= Ohio Patriot Act =

The Ohio Patriot Act, Ohio State Senate Bill Number 9 (SB 9), is an act passed in the U.S. state of Ohio on January 11, 2006. The act has many effects, many of which expand the powers of law enforcement in fighting terrorism. For instance, Section 2909.29 makes providing financial assistance to terrorist organizations a class four felony. Among its more controversial effects, this bill gives law enforcement officials authority to deny entry to individuals entering "transportation infrastructure" who will not provide identification when there is determined to be a security threat and officials are requiring identification from all individuals entering. The bill also gives law enforcement officials authority to demand the name, address and date of birth of any individual who is "reasonably suspected" of having committed any crime or having witnessed a felony. Failure to provide this information would be a misdemeanor under section 2921.29. Section 2909.32 would allow state agencies that issue licenses to require applicants to sign a declaration indicating that they have never provided material assistance to terrorist organizations. The provision would not apply to driving, hunting, fishing or other routine licenses but to licenses dealing with check cashiers, aircraft registration, emergency response personnel, food inspection, public water systems, charitable solicitations and the handling of hazardous materials.

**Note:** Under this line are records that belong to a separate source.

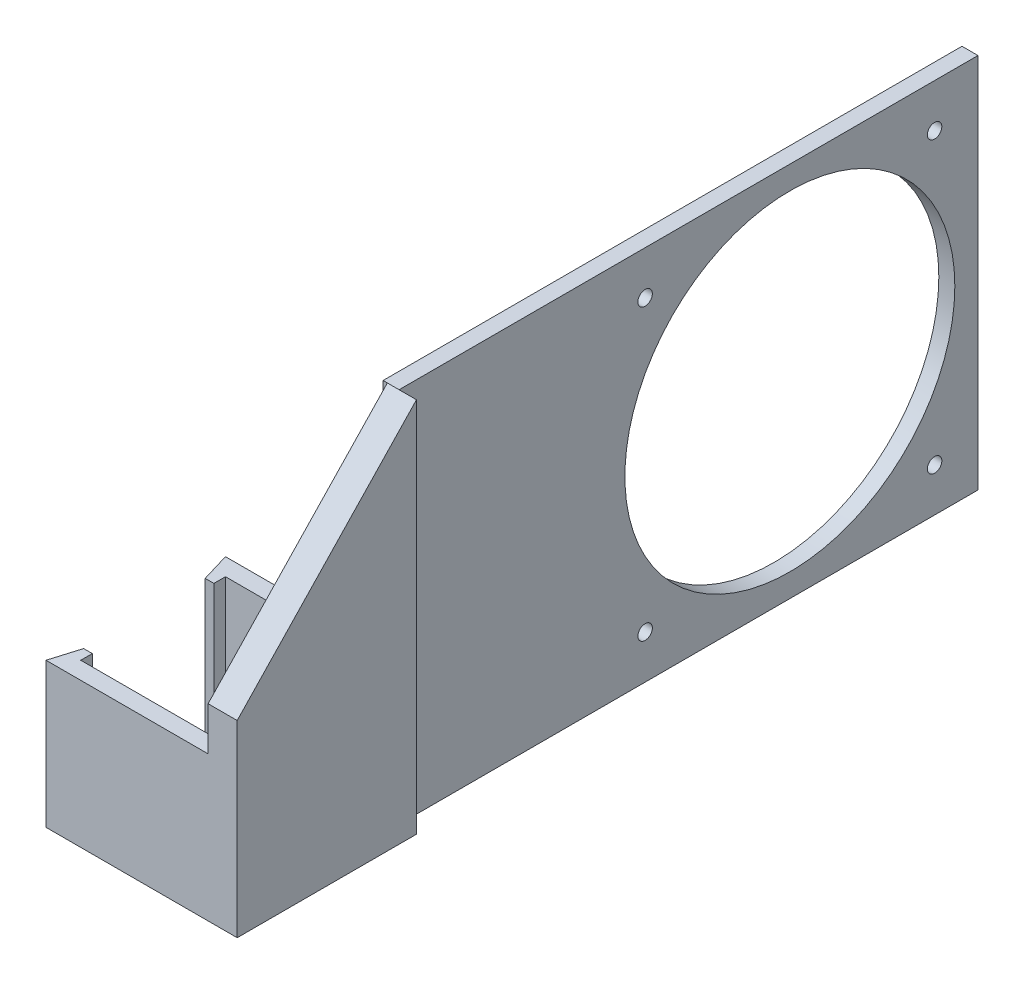
ISO-10303-21;
HEADER;
FILE_DESCRIPTION(('STEP AP214'),'2;1');
FILE_NAME('part.step','',(''),(''),'','','');
FILE_SCHEMA(('AUTOMOTIVE_DESIGN { 1 0 10303 214 1 1 1 1 }'));
ENDSEC;
DATA;
#1=APPLICATION_CONTEXT('core data for automotive mechanical design processes');
#2=APPLICATION_PROTOCOL_DEFINITION('international standard','automotive_design',2000,#1);
#3=PRODUCT_CONTEXT('',#1,'mechanical');
#4=PRODUCT('Part','Part','',(#3));
#5=PRODUCT_RELATED_PRODUCT_CATEGORY('part','',(#4));
#6=PRODUCT_DEFINITION_FORMATION('','',#4);
#7=PRODUCT_DEFINITION_CONTEXT('part definition',#1,'design');
#8=PRODUCT_DEFINITION('design','',#6,#7);
#9=PRODUCT_DEFINITION_SHAPE('','',#8);
#10=(LENGTH_UNIT() NAMED_UNIT(*) SI_UNIT(.MILLI.,.METRE.));
#11=(NAMED_UNIT(*) PLANE_ANGLE_UNIT() SI_UNIT($,.RADIAN.));
#12=(NAMED_UNIT(*) SI_UNIT($,.STERADIAN.) SOLID_ANGLE_UNIT());
#13=UNCERTAINTY_MEASURE_WITH_UNIT(LENGTH_MEASURE(1.E-05),#10,'distance_accuracy_value','');
#14=(GEOMETRIC_REPRESENTATION_CONTEXT(3) GLOBAL_UNCERTAINTY_ASSIGNED_CONTEXT((#13)) GLOBAL_UNIT_ASSIGNED_CONTEXT((#10,
#11,#12)) REPRESENTATION_CONTEXT('',''));
#15=CARTESIAN_POINT('',(0.,0.,0.));
#16=DIRECTION('',(0.,0.,1.));
#17=DIRECTION('',(1.,0.,0.));
#18=AXIS2_PLACEMENT_3D('',#15,#16,#17);
#19=CARTESIAN_POINT('',(0.,25.,0.));
#20=DIRECTION('',(0.,1.,0.));
#21=DIRECTION('',(0.,0.,1.));
#22=AXIS2_PLACEMENT_3D('',#19,#20,#21);
#23=PLANE('',#22);
#24=DIRECTION('',(1.,0.,0.));
#25=VECTOR('',#24,1.);
#26=CARTESIAN_POINT('',(-66.8257575757576,25.,-3.96973979401218));
#27=LINE('',#26,#25);
#28=CARTESIAN_POINT('',(-66.8257575757576,25.,-3.96973979401218));
#29=VERTEX_POINT('',#28);
#30=CARTESIAN_POINT('',(-38.8257575757576,25.,-3.96973979401218));
#31=VERTEX_POINT('',#30);
#32=EDGE_CURVE('E260',#29,#31,#27,.T.);
#33=ORIENTED_EDGE('',*,*,#32,.T.);
#34=DIRECTION('',(0.,0.,1.));
#35=VECTOR('',#34,1.);
#36=CARTESIAN_POINT('',(-38.8257575757576,25.,-34.9382664031757));
#37=LINE('',#36,#35);
#38=CARTESIAN_POINT('',(-38.8257575757576,25.,-6.96973979401218));
#39=VERTEX_POINT('',#38);
#40=EDGE_CURVE('E390',#39,#31,#37,.T.);
#41=ORIENTED_EDGE('',*,*,#40,.F.);
#42=DIRECTION('',(-1.,0.,0.));
#43=VECTOR('',#42,1.);
#44=CARTESIAN_POINT('',(-38.8257575757576,25.,-6.96973979401218));
#45=LINE('',#44,#43);
#46=CARTESIAN_POINT('',(-63.8257575757576,25.,-6.96973979401218));
#47=VERTEX_POINT('',#46);
#48=EDGE_CURVE('E253',#39,#47,#45,.T.);
#49=ORIENTED_EDGE('',*,*,#48,.T.);
#50=DIRECTION('',(0.,0.,-1.));
#51=VECTOR('',#50,1.);
#52=CARTESIAN_POINT('',(-63.8257575757576,25.,-6.96973979401218));
#53=LINE('',#52,#51);
#54=CARTESIAN_POINT('',(-63.8257575757576,25.,-8.96973979401218));
#55=VERTEX_POINT('',#54);
#56=EDGE_CURVE('E255',#47,#55,#53,.T.);
#57=ORIENTED_EDGE('',*,*,#56,.T.);
#58=DIRECTION('',(-1.,0.,0.));
#59=VECTOR('',#58,1.);
#60=CARTESIAN_POINT('',(-63.8257575757576,25.,-8.96973979401218));
#61=LINE('',#60,#59);
#62=CARTESIAN_POINT('',(-65.3257575757576,25.,-8.96973979401218));
#63=VERTEX_POINT('',#62);
#64=EDGE_CURVE('E257',#55,#63,#61,.T.);
#65=ORIENTED_EDGE('',*,*,#64,.T.);
#66=DIRECTION('',(-0.287347885566346,0.,0.957826285221151));
#67=VECTOR('',#66,1.);
#68=CARTESIAN_POINT('',(-66.8257575757576,25.,-3.96973979401218));
#69=LINE('',#68,#67);
#70=EDGE_CURVE('E227',#63,#29,#69,.T.);
#71=ORIENTED_EDGE('',*,*,#70,.T.);
#72=EDGE_LOOP('',(#33,#41,#49,#57,#65,#71));
#73=FACE_BOUND('',#72,.T.);
#74=ADVANCED_FACE('F37',(#73),#23,.T.);
#75=DIRECTION('',(1.,0.,0.));
#76=VECTOR('',#75,1.);
#77=CARTESIAN_POINT('',(-63.8257575757576,25.,-31.9697397940122));
#78=LINE('',#77,#76);
#79=CARTESIAN_POINT('',(-63.8257575757576,25.,-31.9697397940122));
#80=VERTEX_POINT('',#79);
#81=CARTESIAN_POINT('',(-38.8257575757576,25.,-31.9697397940122));
#82=VERTEX_POINT('',#81);
#83=EDGE_CURVE('E250',#80,#82,#78,.T.);
#84=ORIENTED_EDGE('',*,*,#83,.T.);
#85=CARTESIAN_POINT('',(-38.8257575757576,25.,-34.9382664031757));
#86=VERTEX_POINT('',#85);
#87=EDGE_CURVE('E367',#86,#82,#37,.T.);
#88=ORIENTED_EDGE('',*,*,#87,.F.);
#89=DIRECTION('',(1.,0.,0.));
#90=VECTOR('',#89,1.);
#91=CARTESIAN_POINT('',(0.,25.,-34.9382664031757));
#92=LINE('',#91,#90);
#93=CARTESIAN_POINT('',(-39.5643312219053,25.,-34.9382664031757));
#94=VERTEX_POINT('',#93);
#95=EDGE_CURVE('E429',#94,#86,#92,.T.);
#96=ORIENTED_EDGE('',*,*,#95,.F.);
#97=DIRECTION('',(0.,0.,-1.));
#98=VECTOR('',#97,1.);
#99=CARTESIAN_POINT('',(-39.5643312219053,25.,0.));
#100=LINE('',#99,#98);
#101=CARTESIAN_POINT('',(-39.5643312219053,25.,-44.9697397940123));
#102=VERTEX_POINT('',#101);
#103=EDGE_CURVE('E338',#94,#102,#100,.T.);
#104=ORIENTED_EDGE('',*,*,#103,.T.);
#105=DIRECTION('',(0.707106781186544,0.,-0.707106781186551));
#106=VECTOR('',#105,1.);
#107=CARTESIAN_POINT('',(-39.5643312219053,25.,-44.9697397940123));
#108=LINE('',#107,#106);
#109=CARTESIAN_POINT('',(-49.5643312219053,25.,-34.9697397940122));
#110=VERTEX_POINT('',#109);
#111=EDGE_CURVE('E46',#102,#110,#108,.F.);
#112=ORIENTED_EDGE('',*,*,#111,.T.);
#113=DIRECTION('',(-1.,0.,0.));
#114=VECTOR('',#113,1.);
#115=CARTESIAN_POINT('',(-36.5790075050805,25.,-34.9697397940122));
#116=LINE('',#115,#114);
#117=CARTESIAN_POINT('',(-66.8257575757576,25.,-34.9697397940122));
#118=VERTEX_POINT('',#117);
#119=EDGE_CURVE('E246',#110,#118,#116,.T.);
#120=ORIENTED_EDGE('',*,*,#119,.T.);
#121=DIRECTION('',(0.287347885566346,0.,0.957826285221151));
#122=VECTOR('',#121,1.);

On October 15, 2005, the amended bill passed the Ohio House of Representatives in a 69–23 vote. It was sent to the Ohio Senate to approve amendments made by the House, and the Senate passed the bill by a vote of 29–2. It was sent to Governor Bob Taft, who signed the bill into law on January 11, 2006. It went into effect on April 14, 2006.

==See also==
- USA PATRIOT Act

== External links and references==
- Full Text of SB9
- SB9 info from the ACLU
- Bill Would Allow Arrests For No Reason In Public Place (Newsnet5)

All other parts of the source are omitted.